Supervised Fine-Tuning#

We curate an SFT data comprising 400k training instance, including 300k verifiable problems and 100k non-verifiable problems. Verifiable prompts are randomly sampled from RL training set. To generate high-quality responses with long CoT, we employ an iterative workflow that integrates model synthesis, human annotation, and rejection sampling.

Reinforcement Learning#

In the context of long-CoT RLHF, we encounter several challenges such as value model bias and the sparsity of reward signals. To address these issues, we draw on key techniques from our prior work

  • Value-Pretraining: We sample responses from a fixed policy, such as \(\pi_{\text{sft}}\), and update the value model using the Monte-Carlo return.

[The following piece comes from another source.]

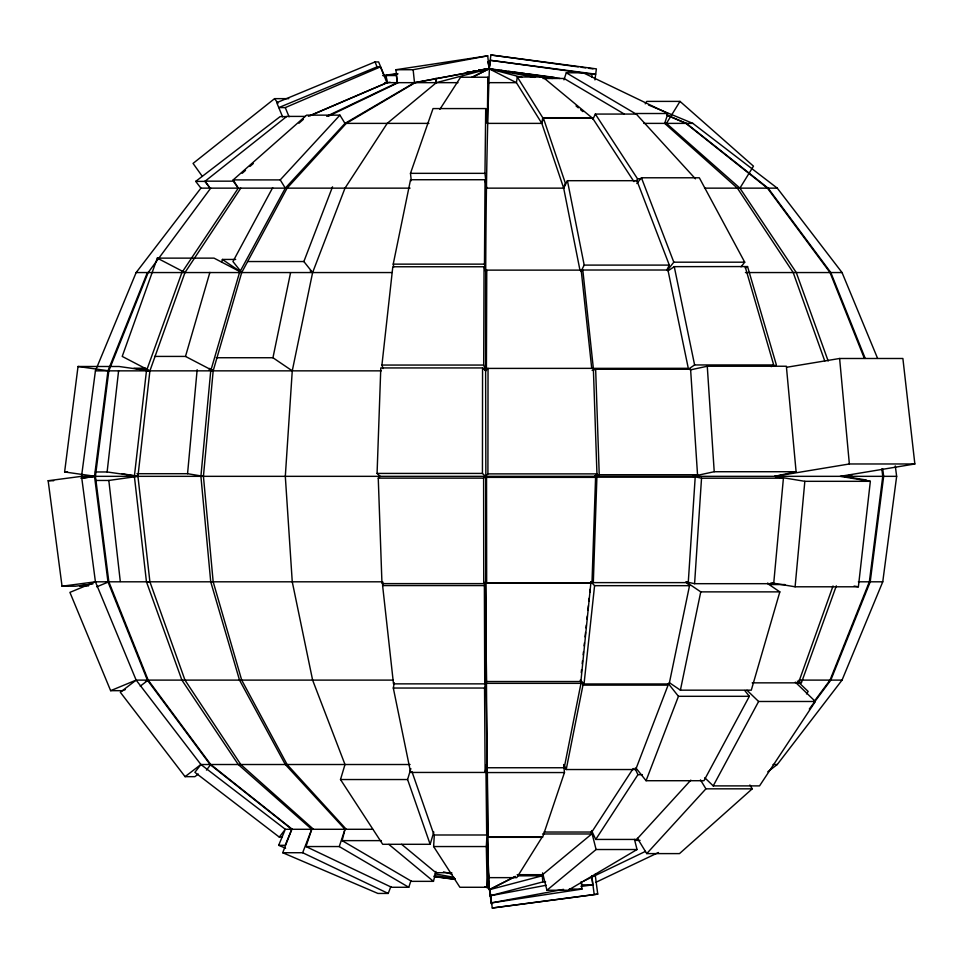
<?xml version="1.0" encoding="UTF-8"?>
<svg xmlns="http://www.w3.org/2000/svg" width="963" height="963" viewBox="0 0 963 963"><rect width="100%" height="100%" fill="white"/><g stroke="black" fill="none" stroke-linecap="round" stroke-linejoin="round"><path stroke-width="1.44" d="M482.559 367.938L485.653 370.851L486.411 368.408L688.292 368.311L667.937 270.013L582.808 270.013L593.352 368.311L596.952 473.88L594.58 476.336L595.579 477.371L591.98 582.856L486.664 582.856L486.544 477.371L482.439 473.423L482.559 367.938L380.794 367.938L377.075 473.423L380.18 476.336L378.254 478.13L381.974 583.614L483.739 583.614L485.653 581.808C486.724 408.613 483.089 235.201 489.625 62.101M378.254 478.13L483.619 478.13L487.916 473.88L488.036 368.396L485.653 370.851L483.691 365.061L484.052 266.763L392.808 266.763L381.926 365.061L383.105 368.528M486.411 368.408L486.76 270.122L581.195 270.122L591.727 368.408M486.76 270.122L486.014 272.553L484.473 264.139L485.039 179.732L410.539 179.732L393.229 264.139L393.747 266.944M666.817 270.073L669.309 265.102L636.928 180.695L567.424 180.695L563.68 188.146L486.58 188.146L484.979 173.34L485.713 108.578L433.037 108.578L410.479 173.34L411.285 180.743M471.641 77.377L489.096 68.782L489.228 61.62M487.495 838.003L488.999 888.656L484.979 886.67M439.886 109.313L460.591 77.233L487.856 77.233L487.314 123.384L541.832 123.384L563.68 188.146L579.858 269.64M697.537 474.735L599.239 474.735L594.58 476.336L596.904 477.13L593.316 582.615L688.256 582.615L695.202 477.13L692.866 476.336L697.537 474.735L690.591 369.25L595.652 369.25L592.149 370.454M633.943 181.61L592.546 118.088L543.397 118.088L541.832 123.384L516.397 82.662L489.096 68.782L489.457 61.62M486.664 582.856L485.653 581.808L487.711 836.931L542.241 836.931L516.794 877.642L488.578 877.642L488.169 869.998L487.17 887.272L459.893 887.272L433.627 846.549L434.301 835.041M487.17 887.272L486.315 846.549L487.314 829.287L488.097 837.316L542.614 837.316L564.462 772.555L563.812 765.85M492.069 69.167L489.096 68.782L436.347 82.662L387.198 123.384L344.995 188.146L312.614 272.553L292.258 370.851L285.313 476.336L292.258 581.808L312.614 680.107L344.995 764.514L340.505 779.536L382.708 844.298L430.148 844.298L433.819 832.008M796.1 471.726L774.746 476.336L783.413 478.202L773.686 583.686L694.588 583.686L701.533 478.202L692.866 476.336L714.221 471.726L796.1 471.726L786.362 366.241L707.275 366.241L690.194 369.924M136.939 473.7L187.556 473.7L197.15 369.708M346.259 829.287L287.106 764.514L241.701 680.107L213.172 581.808L203.434 476.336L213.172 370.851L241.701 272.553L287.106 188.146L346.259 123.384L415.161 82.662L489.096 68.782L559.972 78.436M795.101 586.792L804.839 481.319L870.347 481.319L858.382 586.792L795.101 586.792L772.182 583M435.986 871.419L433.458 881.35L411.622 881.35L342.118 840.627L344.995 829.287L285.313 764.514L239.522 680.107L210.728 581.808L200.906 476.336L210.728 370.851L239.522 272.553L285.313 188.146L344.995 123.384L414.499 82.662L489.096 68.782L489.878 61.355M411.959 771.628L434.024 834.993L486.7 834.993L487.314 829.287M581.243 672.655L581.556 669.682M582.194 663.724L582.519 660.75M583.157 654.792L583.482 651.807M584.12 645.848L584.433 642.875M585.071 636.916L585.552 632.45M586.034 627.984L586.347 624.999M586.985 619.04L587.31 616.067M587.948 610.109L588.429 605.643M588.899 601.177L589.224 598.192M589.862 592.233L590.187 589.26M383.467 583.06L382.612 585.576L393.494 683.862L484.738 683.862L486.014 680.107L486.447 681.527L580.882 681.527L590.981 581.808L591.98 582.856M669.273 682.623L680.396 690.17L751.296 690.17L779.837 591.872L700.751 591.872L685.921 581.808L689.52 585.673L669.165 683.971L584.035 683.971L594.58 585.673L590.981 581.808M95.397 471.966L107.122 471.966L118.581 370.948M313.517 829.287L240.786 764.514L184.98 680.107L149.903 581.808L137.938 476.336L149.903 370.851L184.98 272.553L240.786 188.146M552.124 78.412L489.096 68.782L478.731 70.347L489.096 68.782L490.011 61.355M292.258 829.287L210.728 764.514L148.17 680.107L108.843 581.808L95.421 476.336L64.617 471.966L78.027 366.494L119.087 366.494L149.903 370.851L122.217 356.418L157.294 258.132L214.027 258.132L241.701 272.553L232.95 261.539L272.673 187.689M82.337 478.178L95.421 476.336L108.843 370.851L148.17 272.553L210.728 188.146M410.069 188.146L200.906 188.146L136.144 272.553L95.421 370.851L81.542 476.336L95.421 581.808L136.144 680.107L200.906 764.514L285.313 829.287L372.645 829.287M478.755 70.191L489.096 68.782L490.901 54.987L596.386 68.879L594.941 79.905M591.727 77.004L592.101 74.187L595.688 74.187L490.203 60.296L592.101 74.187M767.764 771.808L777.273 764.514L842.047 680.107L882.758 581.808L896.649 476.336L895.277 465.936M517.3 76.992L542.735 117.703L591.884 117.703L542.735 76.992L517.3 76.992L516.397 82.662L488.169 82.662L487.856 77.233M541.832 123.384L542.735 117.703M584.035 683.971L580.448 680.107L580.978 683.345L564.222 767.752L487.109 767.752L486.58 764.514L485.123 772.446L410.623 772.446L393.313 688.039L394.288 682.755M485.123 772.446L484.558 688.039L486.014 680.107L487.109 767.752M582.964 685.126L668.093 685.126L635.712 769.533L566.208 769.533L582.964 685.126L580.448 680.107L580.882 681.527M292.258 370.851L272.95 357.742L290.573 272.649M680.396 690.17L700.751 591.872M154.586 356.418L185.486 356.418L209.886 272.373M221.562 262.297L222.393 259.444L235.682 259.444M563.68 188.146L565.245 182.862L543.397 118.088M430.148 844.298L407.59 779.536L410.852 768.606M563.957 79.845L566.28 72.791L583.229 72.791L667.925 113.514L664.675 123.384L737.393 188.146L793.199 272.553L824.773 361.017M410.972 880.627L408.757 887.272L391.532 887.272L305.981 846.549L311.735 829.287L238.27 764.514L181.899 680.107L146.46 581.808L134.375 476.336L146.46 370.851L181.899 272.553L238.27 188.146L233.19 179.9L306.655 115.139L339.915 115.139L344.995 123.384L428.908 123.384M305.981 846.549L339.253 846.549L344.995 829.287M484.738 683.862L484.377 585.576L485.653 581.808L486.447 681.527M833.043 585.961L798.471 682.851L752.187 682.851M798.447 682.743L801.409 682.743L836.329 585.853M310.206 270.916L312.614 272.553L303.863 261.539L332.524 186.822M744.76 690.519L749.358 696.309L703.965 780.716L646.065 780.716L678.446 696.309L668.322 683.574M390.87 886.538L388.209 893.435L377.893 893.435L282.725 852.724L291.801 829.287L210.09 764.514L147.387 680.107L107.964 581.808L94.518 476.336L107.964 370.851L147.387 272.553M282.725 852.724L302.659 852.724L311.735 829.287M285.59 848.186L278.668 845.321L285.313 829.287L279.306 837.112L194.899 772.338L200.906 764.514L410.069 764.514M291.801 829.287L285.156 845.321L278.668 845.321M592.847 119.388L595.339 114.067L636.278 114.067L695.442 178.841M636.29 181.501L637.542 178.841L595.339 114.067M581.062 271.313L584.192 265.102L567.424 180.695M713.222 785.892L758.615 701.485L815.348 701.485L759.542 785.892L713.222 785.892L704.784 777.743M645.234 103.835L646.739 101.392L680.01 101.392L753.463 166.154L739.909 188.146L796.281 272.553L828.18 361.017M680.01 101.392L666.444 123.384L739.909 188.146M633.185 768.51L591.8 832.032L544.131 832.032M591.571 830.551L595.736 839.435L637.939 774.673L642.393 774.673M806.488 693.914L808.15 691.434L797.364 681.142M813.928 701.81L830.022 680.107L869.348 581.808L882.758 476.336L881.819 468.897M809.305 709.045L830.804 680.107L870.215 581.808L883.661 476.336L882.722 468.897M206.443 770.099L210.728 764.514M636.844 183.536L641.43 177.782L699.331 177.782L744.724 262.189L741.053 266.799M667.395 270.254L673.811 262.189L744.724 262.189M690.82 780.15L636.675 839.435L595.736 839.435M637.386 838.243L646.751 853.603L705.915 788.829L752.235 788.829L749.888 784.989M233.19 179.9L280.233 179.9L339.915 115.139M581.231 271.71L582.808 270.013M752.235 788.829L679.505 853.603L646.751 853.603M242.17 173.316L245.505 170.379M249.959 166.443L253.293 163.505M298.939 123.264L303.381 119.34M591.354 831.623L591.727 833.97L542.578 874.681L517.143 874.681M542.566 872.887L546.948 890.233L596.097 849.522L637.037 849.522L634.473 839.399M288.756 98.647L274.587 98.647L193.057 163.409L202.314 176.361M200.906 188.146L195.718 181.381L204.89 181.381L286.793 116.403L305.307 116.403M195.718 181.381L280.125 116.607L286.613 116.607M393.277 680.107L136.144 680.107L120.315 692.253L185.077 776.66L194.899 776.66L198.294 774.059M140.249 686.174L148.17 680.107L145.485 681.214M185.077 776.66L200.906 764.514M668.045 270.868L674.256 266.655L747.553 266.558L776.347 364.857L774.12 366.349M688.401 369.166L694.612 364.953L773.698 364.953L745.157 266.655M771.219 366.638L773.698 364.953M745.326 268.063L747.553 266.558M637.037 849.522L568.134 890.233L546.948 890.233M472.195 77.377L487.796 69.444M515.193 876.486L489.192 889.716L488.169 869.998M515.386 876.486L489.385 889.716L542.133 875.824L518.19 875.824M328.299 116.27L398.201 82.662M583.638 881.097L645.475 851.376M326.674 116.27L397.286 82.662L395.913 69.721L487.723 55.83L489.096 68.782L521.874 77.413M595.989 882.252L658.451 852.52M310.146 115.704L387.198 82.662M380.433 66.868L377.063 66.868L278.776 107.591L285.265 107.591L380.433 66.868L386.97 82.662L390.159 82.264M308.353 116.294L386.97 82.662L386.091 75.547L397.936 73.934M384.345 75.752L378.615 61.933L375.028 61.933L276.73 102.656L282.592 116.8M382.756 581.808L95.421 581.808L69.914 592.377L110.637 690.676L122.662 690.676L125.346 689.556M96.757 586.816L108.843 581.808L105.942 582.194M110.637 690.676L136.144 680.107M489.457 888.355L490.047 895.819L542.795 881.927L545.612 881.927M490.047 895.819L546.238 885.262M489.553 888.283L491.094 902.969L563.548 889.367M395.913 69.721L413.139 69.721L487.723 55.83M786.952 367.216L839.616 358.489L902.885 358.489L914.85 463.973L840.254 476.336L870.347 481.319M914.85 463.973L849.354 463.973L774.746 476.336L804.839 481.319M852.038 474.976L843.805 476.336L866.604 480.068M467.103 72.141L470.04 71.695M472.965 71.238L475.903 70.793M491.094 902.969L581.977 889.078L581.207 881.747M466.874 72.141L469.848 71.695M472.809 71.238L475.77 70.793M95.638 480.453L108.831 480.453L137.938 476.336L122.048 473.7M89.92 584.493L79.736 585.925L88.536 585.925M146.99 582.23L149.903 581.808M580.99 886.454L592.799 884.841L591.703 875.933M490.961 898.07L492.274 908.013L597.746 894.121L595.134 874.26M397.526 73.585L382.672 75.535L396.407 75.547L397.286 82.662M478.695 70.143L489.096 68.782L534.934 77.389M92.869 583.915L75.451 586.214L62.041 586.214L48.15 480.73L81.542 476.336L896.649 476.336M80.904 478.238L95.421 476.336M62.041 586.214L95.421 581.808M492.274 908.013L597.746 894.121M542.891 78.472L564.089 78.472L624.048 113.911M384.731 82.662L458.015 82.662M667.925 113.514L635.171 113.514L566.28 72.791M643.826 123.384L692.866 123.384L777.273 188.146L842.047 272.553L877.594 358.392M410.479 173.34L484.979 173.34M637.542 178.841L640.515 178.841M704.531 188.146L777.273 188.146M247.72 261.539L303.863 261.539M393.229 264.139L484.473 264.139M584.192 265.102L669.309 265.102M136.144 272.553L391.785 272.553M745.434 272.553L842.047 272.553M216.242 357.742L272.95 357.742M381.926 365.061L483.691 365.061M145.786 368.215L134.013 368.215L149.903 370.851M95.421 370.851L381.264 370.851M64.617 471.966L67.542 471.966M377.075 473.423L482.439 473.423M487.916 473.88L596.952 473.88M596.904 477.13L695.202 477.13M486.544 477.371L595.579 477.371M701.533 478.202L783.413 478.202M48.15 480.73L53.699 480.73M858.37 581.808L882.758 581.808M486.098 583.229L591.414 583.229M784.989 584.553L770.28 584.553L767.643 583.181M382.612 585.576L484.377 585.576M594.58 585.673L689.52 585.673M799.097 680.107L842.047 680.107M486.544 683.345L580.978 683.345M393.313 688.039L484.558 688.039M678.446 696.309L749.358 696.309M773.072 764.514L777.273 764.514M486.7 834.993L485.966 770.219L486.58 764.514L487.362 772.555L564.462 772.555M340.505 779.536L407.59 779.536M542.578 833.97L591.727 833.97M279.306 837.112L282.087 837.112M635.58 840.386L640.046 840.386M342.118 840.627L381.408 840.627M433.627 846.549L486.315 846.549M451.803 872.707L435.914 872.707L401.619 844.31M592.799 884.841L581.796 884.841L581.435 881.867M569.265 889.078L581.977 889.078M495.03 69.565L498.003 69.95M500.977 70.347L503.95 70.732M508.404 71.322L511.377 71.707M514.35 72.105L524.751 73.477M527.724 73.862L554.459 77.389M434.12 876.643L454.921 879.388M490.901 54.987L578.233 66.868M581.195 67.266L585.624 67.867M588.586 68.277L593.027 68.879M434.325 876.438L455.126 879.255M78.027 366.494L108.843 370.851M107.122 471.966L137.938 476.336M495.018 69.673L497.979 70.118M500.941 70.564L503.902 71.021M508.344 71.695L511.305 72.141M514.266 72.586L524.63 74.151M527.592 74.596L552.762 78.412M434.301 875.596L455.03 878.738M208.839 370.129L213.172 370.851L209.549 368.396M187.556 473.7L203.434 476.336M854.073 586.082L858.382 586.792M500.796 70.961L503.721 71.503M434.975 873.814L453.994 877.353M770.797 583.06L773.686 583.686M687.365 582.121L694.588 583.686M443.474 871.876L452.032 874.127M648.568 105.027L692.866 123.384M667.07 115.115L686.378 123.384L768.101 188.146L830.804 272.553L865.219 358.392M666.661 115.115L685.921 123.384L767.451 188.146L830.022 272.553L864.365 358.392M302.659 852.724L388.209 893.435M798.845 681.431L801.409 682.743M157.294 258.132L184.98 272.553M185.486 356.418L213.172 370.851M339.253 846.549L408.757 887.272M767.487 583.494L779.837 591.872M222.393 259.444L241.701 272.553M576.043 105.93L578.33 107.82M580.617 109.722L582.892 111.612M388.883 844.419L433.458 881.35M795.318 682.141L815.348 701.485M747.023 690.29L758.615 701.485M635.941 767.98L646.065 780.716M204.89 181.381L210.09 188.146L205.083 181.164L233.263 181.164L238.27 188.146M274.587 98.647L277.958 103.354M280.233 179.9L285.313 188.146M700.45 779.874L705.915 788.829M566.208 769.533L563.68 764.514L564.499 767.258M634.966 768.318L637.939 774.673M375.028 61.933L377.315 67.47M285.265 107.591L289.081 116.8M641.43 177.782L673.811 262.189M484.052 266.763L486.014 272.553M591.715 832.176L596.097 849.522M674.256 266.655L694.612 364.953M485.039 179.732L486.58 188.146M563.861 765.597L564.222 767.752M488.157 61.644L489.096 68.782L488.975 61.632M591.727 875.668L594.159 894.121M386.031 75.535L386.97 82.662M489.806 889.294L490.697 896.047M488.518 61.632L489.096 68.782L488.735 61.632M489.998 891.305L490.733 897.239M489.986 891.172L491.599 904.293M108.831 480.453L120.291 581.471M485.713 108.578L487.314 123.384M413.139 69.721L414.499 82.662M488.349 61.644L489.096 68.782M839.616 358.489L849.354 463.973M542.193 874.464L542.795 881.927M707.275 366.241L714.221 471.726M595.652 369.25L599.239 474.735M487.711 836.931L488.578 877.642M487.362 772.555L488.097 837.316M483.619 478.13L483.739 583.614M436.347 82.662L436.01 78.376L436.347 82.662"/></g></svg>

  • Decoupled-GAE: By employing different Generalized Advantage Estimation (GAE) parameters, such as \(\lambda_{\text{value}} = 1.0\) and \(\lambda_{\text{policy}} = 0.95\), we allow the value model to update in an unbiased manner.

  • Length-adaptive GAE: We set \(\lambda_{\text{policy}} = 1 - \frac{1}{\alpha l}\) where \(\alpha\) is a hyper-parameter and \(l\) is the response length.

  • Clip-Higher: In the Proximal Policy Optimization (PPO) algorithm, we decouple the upper and lower clip bounds by increasing the value of \(\epsilon_{\text{high}}\), we create more room for the increase of low-probability tokens.

  • Token-level Loss: Instead of defining the policy loss over entire responses, we define it over all tokens.

  • Positive Example LM Loss: This loss function is designed to boost the utilization efficiency of positive samples during the RL training process. We add a language model loss with a coefficient \(\mu\) for positive examples:

\[\mathcal{L}(\theta) = \mathcal{L}_{\text{PPO}}(\theta) + \mu\ast\mathcal{L}_{\text{NLL}}(\theta)\]

Tip

When merging data from different domains and incorporating diverse scoring mechanisms, we face the challenge of interference between different data domains. To counteract this, we introduce Online Data Distribution Adaptation. This method transforms the stationary prompt distribution during reinforcement learning into an adaptive distribution.